Several appeals were pending in the federal courts, including petitions before the U.S. Supreme Court asking justices to review his case and delay the punishment. The appeal blamed a previous court-appointed lawyer for missing filing deadlines that are blocking new appeals now.

In addition, the Houston-based consul general of Mexico filed an appeal to the Supreme Court questioning the Mexican national's competency and challenging the constitutionality of the lethal injection process. Zimmermann also had an appeal arguing Resendiz, who described himself as half-man and half-angel, couldn't be executed because he didn't believe he ever could die.

"The average reader is going to say: What difference does it m ake if the guy's a bad guy," Zimmermann said. "The difference is we're a nation of laws and we don't to that in the United States. We don't execute people who are insane, we don't execute people who don't realize they're going to be executed and it's going to happen soon and why."

Resendiz's mental state was the focus of a three-day court hearing last week in Houston where a judge decided Resendiz was competent to be put to death.

"I'll sleep for three days and my body will disappear only to reappear in another location," Resendiz told a psychiatrist who examined him before the hearing. "But it will be my same body, only well-rested and renovated.

"My mind will be like new."

"We all know this guy has played the system like a fiddle, " Houston crime victims advocate Andy Kahan said, calling Resendiz a "master manipulator."

"His delusions of grandeur are finally are going to end."

Resendiz's killings began in San Antonio in 1986. Benton, 39, was among 13 people killed over a 16-month period that ended in June 1999 with a double slaying in Illinois.

A month later, Resendiz walked across the international bridge at El Paso from Mexico and surrendered to a Texas Ranger as part of a deal arranged by his sister in New Mexico.

The sister, Manuela Karkiewicz, was among six people Resendiz selected to watch him die

In the weeks before his surrender, Resendiz was placed on the FBI's Most Wanted list, gained his "Railroad Killer" nickname as authorities hunting for him determined the serial killer used freight trains to move quickly and efficiently around the country. Many of his crimes were near railroad tracks.

He initially was tied to more than one slaying through DNA matches from the Benton killing and the slayings of Weimar church pastor Norman "Skip" Sirnic, and his wife, Karen.

Benton, who was stabbed with a knife and beaten 19 times with a bronze statue, lived down the street from a railroad track in the Houston enclave of West University. Sirnic and his wife, both killed with a sledgehammer as they slept, lived directly across the street from a railroad track that runs through the heart of their small town about 100 miles west of Houston. The women in both slayings were raped.

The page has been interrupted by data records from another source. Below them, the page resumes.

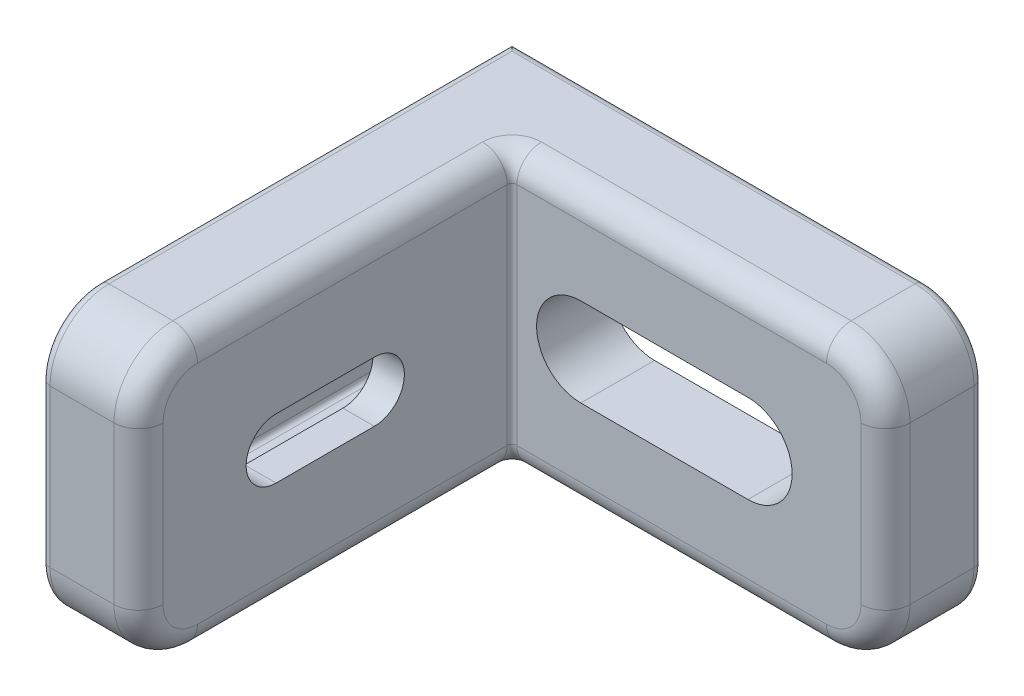
SolidWorks part; units mm, degrees
ref_plane "Front Plane" through (0, 0, 0) normal (0, 0, 1) x (1, 0, 0)
ref_plane "Top Plane" through (0, 0, 0) normal (0, 1, 0) x (1, 0, 0)
ref_plane "Right Plane" through (0, 0, 0) normal (1, 0, 0) x (0, 0, -1)
ref_plane "Plane1" through (0, 28, 0) normal (0, 1, 0) x (1, 0, 0)
sketch "Sketch1" plane through (0, 28, 0) normal (0, 1, 0) x (1, 0, 0)
  line L0 (0, -48) -> (48, -48)
  line L1 (48, -48) -> (48, 0)
  line L2 (48, 0) -> (0, 0)
  line L3 (0, 0) -> (0, -48)
extrude "Boss-Extrude1" add sketch "Sketch1" against normal blind 28
sketch "Sketch2" plane through (0, 28, 0) normal (0, 1, 0) x (-1, 0, 0)
  line L0 (-48, 10) -> (-10, 10)
  line L1 (-10, 10) -> (-10, 48)
  line L2 (-10, 48) -> (-48, 48)
  line L3 (-48, 48) -> (-48, 10)
extrude "Cut-Extrude1" cut sketch "Sketch2" against normal through all
sketch "Sketch3" plane through (0, 0, 0) normal (0, 0, -1) x (-1, 0, 0)
  line L0 (0, 22.2) -> (-41, 22.2)
  line L1 (-41, 22.2) -> (-41, 5.8)
  line L2 (-41, 5.8) -> (0, 5.8)
  line L3 (0, 5.8) -> (0, 22.2)
extrude "Cut-Extrude2" cut sketch "Sketch3" against normal blind 2.5
sketch "Sketch4" plane through (0, 0, 2.5) normal (0, 0, -1) x (-1, 0, 0)
  line L0 (-6.8, 8.65) -> (-3.2, 8.65)
  line L1 (-3.2, 8.65) -> (-3.2, 19.35)
  line L2 (-3.2, 19.35) -> (-6.8, 19.35)
  line L3 (-6.8, 19.35) -> (-6.8, 8.65)
extrude "Cut-Extrude3" cut sketch "Sketch4" against normal blind 38.5
sketch "Sketch5" plane through (0, 0, 0) normal (-1, 0, 0) x (0, 0, 1)
  line L0 (2.5, 17.05) -> (2.5, 10.95)
  line L1 (2.5, 10.95) -> (34, 10.95)
  line L2 (34, 17.05) -> (2.5, 17.05)
  arc A0 (34, 10.95) -> (34, 17.05) centre (34, 14) ccw
extrude "Cut-Extrude4" cut sketch "Sketch5" against normal up to next
sketch "Sketch6" plane through (6.8, 0, 0) normal (-1, 0, 0) x (0, 0, 1)
  line L0 (34, 17.05) -> (24, 17.05)
  line L1 (24, 10.95) -> (34, 10.95)
  arc A0 (34, 10.95) -> (34, 17.05) centre (34, 14) ccw
  arc A1 (24, 17.05) -> (24, 10.95) centre (24, 14) ccw
extrude "Cut-Extrude5" cut sketch "Sketch6" against normal through all
sketch "Sketch7" plane through (0, 0, 2.5) normal (0, 0, -1) x (-1, 0, 0)
  line L0 (-17, 18.5) -> (-34, 18.5)
  line L1 (-34, 9.5) -> (-17, 9.5)
  arc A0 (-34, 18.5) -> (-34, 9.5) centre (-34, 14) ccw
  arc A1 (-17, 9.5) -> (-17, 18.5) centre (-17, 14) ccw
extrude "Cut-Extrude6" cut sketch "Sketch7" against normal through all
fillet "Fillet1" radius 6 4 edges at (5, 0, 48) (5, 28, 48) (48, 0, 5) (48, 28, 5)
fillet "Fillet2" radius 0.5 4 edges at (3.2, 8.65, 21.75) (6.8, 19.35, 21.75) (10, 14, 10) (6.8, 8.65, 21.75)
fillet "Fillet3" radius 1 10 edges at (21, 0, 0) (46.2426, 1.7574, 0) (21, 28, 0) (48, 14, 0) (46.2426, 26.2426, 0) (0, 0, 21) (0, 1.7574, 46.2426) (0, 14, 48) (0, 28, 21) (0, 26.2426, 46.2426)
fillet "Fillet4" radius 2.5 12 edges at (26.25, 28, 10) (10.1464, 28, 10.1464) (46.2426, 26.2426, 10) (10, 28, 26.25) (48, 14, 10) (10, 26.2426, 46.2426) (46.2426, 1.7574, 10) (10, 14, 48) (26.25, 0, 10) (10, 1.7574, 46.2426) (10.1464, 0, 10.1464) (10, 0, 26.25)

Besides his sister, Resendiz also designated as execution witnesses his mother, two brothers and Nancy Beall Resendiz, a Cleveland, Ohio, woman who says she is his wife. Prison officials have her listed as a friend. A Harris County Jail chaplain also will be allowed in as his designated spiritual adviser.

Resendiz declined a final meal for Tuesday. He initially decided to donate his body to science but on Monday filed a new request with the Texas Department of Criminal Justice giving his mother custody of his remains, agency spokeswoman Michelle Lyons said.